The 2023 edition of the International Day of Forests, celebrated on March 21, honors the remarkable roles of forests in the fight against climate change. This year’s theme, “Forests and Health,” focuses on the role forests play in maintaining human health.
The human race depends on forests for food, energy, shelter, income and medicine. According to figures from the United Nations Framework Convention on Climate Change (UNFCCC), more than 1.6 billion people depend directly on them, including 60 million indigenous people. “Forests and trees reduce air pollution and exposure to heat. Forest walks can strengthen our immune system and improve our mental health. They also provide important spiritual values for many people and communities around the world,” explains the UNFCCC.
Forests are also essential to mitigating the effects of climate change because they absorb heat-trapping carbon dioxide (CO2) and are a crucial part of resilience, including regulating water flows.
Africa at the heart of the issues
With about 650 million hectares of forest, or 17% of the world’s total, according to the UN Food and Agriculture Organization (FAO), Africa has a big role to play in forest conservation.

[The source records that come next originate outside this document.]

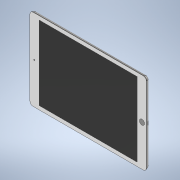
# Autodesk Inventor part: iPadModelA2197
Saved by Autodesk Inventor 2021.1 (Build 251245010, 245A)
## iProperties
Created: 2020-11-06
Part Number: iPadModelA2197
Material: 一般
Document SubType Name: Modeling
Designer: gisen
Density: 1 g/cm^3
Appearance: 滑らか - 黒
Author: gisen
Autodesk Inventor part; units mm, degrees
ref_plane "YZ Plane" through (0, 0, 0) normal (1, 0, 0) x (0, 1, 0)
ref_plane "XZ Plane" through (0, 0, 0) normal (0, 1, 0) x (-1, 0, 0)
ref_plane "XY Plane" through (0, 0, 0) normal (0, 0, 1) x (1, 0, 0)
sketch "スケッチ1" plane through (0, 0, 0) normal (0, 0, 1) x (1, 0, 0)
  line L0 (-134.0722, 55.6245) -> (115.9278, 55.6245)
  line L1 (115.9278, 55.6245) -> (115.9278, -119.3755)
  line L2 (115.9278, -119.3755) -> (-134.0722, -119.3755)
  line L3 (-134.0722, -119.3755) -> (-134.0722, 55.6245)
  point P0 (0, 0)
  dimension "d0" = 250
  dimension "d1" = 175
  constraints: 8 end point, 2 parallel, 1 horizontal, 1 perpendicular
  measures "d0" distance of L0.start L0.end
  measures "d1" distance of L0.end L1.end
extrude "押し出し1" add sketch "スケッチ1" along normal blind 8
fillet "フィレット1" radius 7 4 edges at (115.9278, 55.6245, 4) (-134.0722, 55.6245, 4) (-134.0722, -119.3755, 4) (115.9278, -119.3755, 4)
fillet "フィレット2" radius 7 8 edges at (-134.0722, -31.8755, 0) (-132.0219, -117.3252, 0) (-9.0722, -119.3755, 0) (113.8775, -117.3252, 0) (115.9278, -31.8755, 0) (113.8775, 53.5743, 0) (-9.0722, 55.6245, 0) (-132.0219, 53.5743, 0)
sketch "スケッチ2" plane through (0, 0, 8) normal (0, 0, 1) x (1, 0, 0)
  line L0 (-114.0722, 47.6245) -> (95.9278, 47.6245)
  line L1 (95.9278, 47.6245) -> (95.9278, -111.3755)
  line L2 (95.9278, -111.3755) -> (-114.0722, -111.3755)
  line L3 (-114.0722, -111.3755) -> (-114.0722, 47.6245)
  line L4 (-134.0722, 48.6245) -> (-134.0722, -112.3755) projected
  line L5 (115.9278, -112.3755) -> (115.9278, 48.6245) projected
  line L6 (108.9278, 55.6245) -> (-127.0722, 55.6245) projected
  line L7 (-127.0722, -119.3755) -> (108.9278, -119.3755) projected
  dimension "d6" = 20
  dimension "d7" = 20
  dimension "d8" = 8
  dimension "d9" = 8
  constraints: 8 end point, 2 parallel, 1 horizontal, 1 perpendicular
  measures "d6" distance between parallel lines of L4 L3
  measures "d7" distance between parallel lines of L5 L1
  measures "d8" distance between parallel lines of L6 L0
  measures "d9" distance between parallel lines of L7 L2
extrude "押し出し2" cut sketch "スケッチ2" against normal blind 0.001
sketch "スケッチ3" plane through (0, 0, 8) normal (0, 0, 1) x (1, 0, 0)
  line L0 (-127.0722, -119.3755) -> (108.9278, -119.3755) projected
  line L1 (108.9278, 55.6245) -> (-127.0722, 55.6245) projected
  circle A0 centre (106.4278, -31.8755) radius 5.5
  line L2 (115.9278, -112.3755) -> (115.9278, 48.6245) projected
  point P0 (0, 0)
  dimension "d12" = 11
  dimension "d13" = 87.5
  dimension "d14" = 9.5
  constraints: 1 centre point
  measures "d12" diameter of A0
  measures "d13" distance from line of L1 A0.centre
  measures "d14" distance from line of L2 A0.centre
extrude "押し出し3" add sketch "スケッチ3" along normal blind 0.001
sketch "スケッチ4" plane through (115.9278, -112.3755, 8) normal (1, 0, 0) x (0, 0, -1)
  line L0 (8, 0) -> (8, 161) projected
  line L1 (0, 0) -> (0, 161) projected
  line L2 (5.39, 76.72) -> (3.82, 76.72)
  line L3 (3.82, 76.72) -> (3.82, 84.28)
  line L4 (3.82, 84.28) -> (5.39, 84.28)
  line L5 (5.39, 84.28) -> (5.39, 76.72)
  point P0 (8, 112.3755)
  dimension "d17" = 1.57
  dimension "d18" = 7.56
  dimension "d19" = 3.82
  dimension "d20" = 76.72
  constraints: 8 end point, 2 parallel, 1 horizontal, 1 perpendicular
  measures "d17" distance of L2.start L2.end
  measures "d18" distance of L4.end L2.start
  measures "d19" distance between parallel lines of L3 L1
  measures "d20" distance from line of L1.end L4
extrude "押し出し4" cut sketch "スケッチ4" against normal blind 6.76
fillet "フィレット3" radius 0.5 4 edges at (112.2512, -28.0955, 4.18) (111.774, -28.0955, 2.61) (112.2512, -35.6555, 4.18) (111.774, -35.6555, 2.61)
sketch "スケッチ5" plane through (0, 0, 8) normal (0, 0, 1) x (1, 0, 0)
  circle A0 centre (-124.7722, -31.8755) radius 1.25
  line L0 (-134.0722, 48.6245) -> (-134.0722, -112.3755) projected
  line L1 (108.9278, 55.6245) -> (-127.0722, 55.6245) projected
  point P0 (0, 0)
  dimension "d24" = 2.5
  dimension "d25" = 9.3
  dimension "d26" = 87.5
  constraints: 1 centre point
  measures "d24" diameter of A0
  measures "d25" distance from line of L0 A0.centre
  measures "d26" distance from line of L1 A0.centre
extrude "押し出し5" cut sketch "スケッチ5" against normal blind 0.01
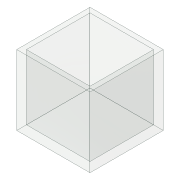
# Autodesk Inventor part: Cuvette_45x45x40
Saved by Autodesk Inventor 2019 (Build 230136000, 136)
## iProperties
Created: 2018-10-04
Part Number: Cuvette_45x45x40
Material: Glass
Document SubType Name: Modeling
Designer: voigt
Density: 2.18 g/cm^3
Appearance: Clear
Author: voigt
Autodesk Inventor part; units mm, degrees
ref_plane "YZ Plane" through (0, 0, 0) normal (1, 0, 0) x (0, 1, 0)
ref_plane "XZ Plane" through (0, 0, 0) normal (0, 1, 0) x (-1, 0, 0)
ref_plane "XY Plane" through (0, 0, 0) normal (0, 0, 1) x (1, 0, 0)
sketch "Sketch1" plane through (0, 0, 0) normal (0, 0, 1) x (1, 0, 0)
  line L0 (0, 31.5) -> (0, -31.5) construction
  line L1 (-31.5, 0) -> (31.5, 0) construction
  line L2 (-19.5, 19.5) -> (19.5, 19.5)
  line L3 (19.5, 19.5) -> (19.5, -19.5)
  line L4 (19.5, -19.5) -> (-19.5, -19.5)
  line L5 (-19.5, -19.5) -> (-19.5, 19.5)
  line L6 (-22.5, 22.5) -> (22.5, 22.5)
  line L7 (22.5, 22.5) -> (22.5, -22.5)
  line L8 (22.5, -22.5) -> (-22.5, -22.5)
  line L9 (-22.5, -22.5) -> (-22.5, 22.5)
  point P0 (0, 0)
  dimension "d0" = 39
  dimension "d1" = 39
  dimension "d2" = 3
  dimension "d3" = 3
  dimension "d4" = 3
  dimension "d5" = 3
  constraints: 16 end point, 4 parallel, 2 horizontal, 2 perpendicular, 2 other
  measures "d0" distance of L2.start L2.end
  measures "d1" distance of L2.end L3.end
  measures "d2" distance between parallel lines of L6 L2
  measures "d3" distance between parallel lines of L5 L9
  measures "d4" distance between parallel lines of L4 L8
  measures "d5" distance between parallel lines of L7 L3
extrude "Extrusion1" add sketch "Sketch1" along normal blind 40
sketch "Sketch2" plane through (0, 0, 0) normal (0, 0, -1) x (-1, 0, 0)
  line L0 (-22.5, -22.5) -> (22.5, -22.5) projected
  line L1 (22.5, -22.5) -> (22.5, 22.5) projected
  line L2 (22.5, 22.5) -> (-22.5, 22.5) projected
  line L3 (-22.5, 22.5) -> (-22.5, -22.5) projected
  point P0 (0, 0)
extrude "Extrusion2" add sketch "Sketch2" along normal blind 3
body "Solid1"

The continent is home to the Congo Basin. Covering an area of 530 million hectares, of which 268 million hectares are forest cover, the second ecological lung of the planet (after the Amazon) is at the center of attention of the international community.
The latest case in point was during the “One Forest Summit” from March 1 to 2, 2023 in Libreville, Gabon, and there will be more at the Summit of the three major forest basins of the planet, scheduled for June 2023 in Brazzaville, Republic of Congo.
Read also-One Forest Summit: the ambitions of the Libreville Plan on forest preservation
The challenge for Africa’s forests is to combine their preservation with the imperative of economic development. And among the solutions present, REDD+, the mechanism for reducing emissions from deforestation and forest degradation. Often referred to as the Warsaw Framework, it was adopted during negotiations at the 19th United Nations Climate Conference of the Parties (COP19) held in Poland in 2013, and then recognized in 2015 by the Paris Agreement. Through REDD+, many developing countries including the Democratic Republic of Congo (DRC), Republic of Congo, Cameroon, Gabon and Rwanda are taking concrete steps to protect their forests.
By the end of 2022, REDD+ activities implemented by most of these countries will cover a forest area of about 1.35 billion hectares (about 75% of global deforestation). This is the case in Gambia, where the authorities recently banned “the export or re-export of timber until further notice”. Indeed, these generally illegal activities have caused this West African country to lose nearly 100,000 hectares of forest between 1998 and 2008, according to a report by the non-governmental organization (NGO) Environmental Investigation Agency (EIA) published in June 2019. A loss of forest cover that is not without consequences on the livelihoods of rural populations.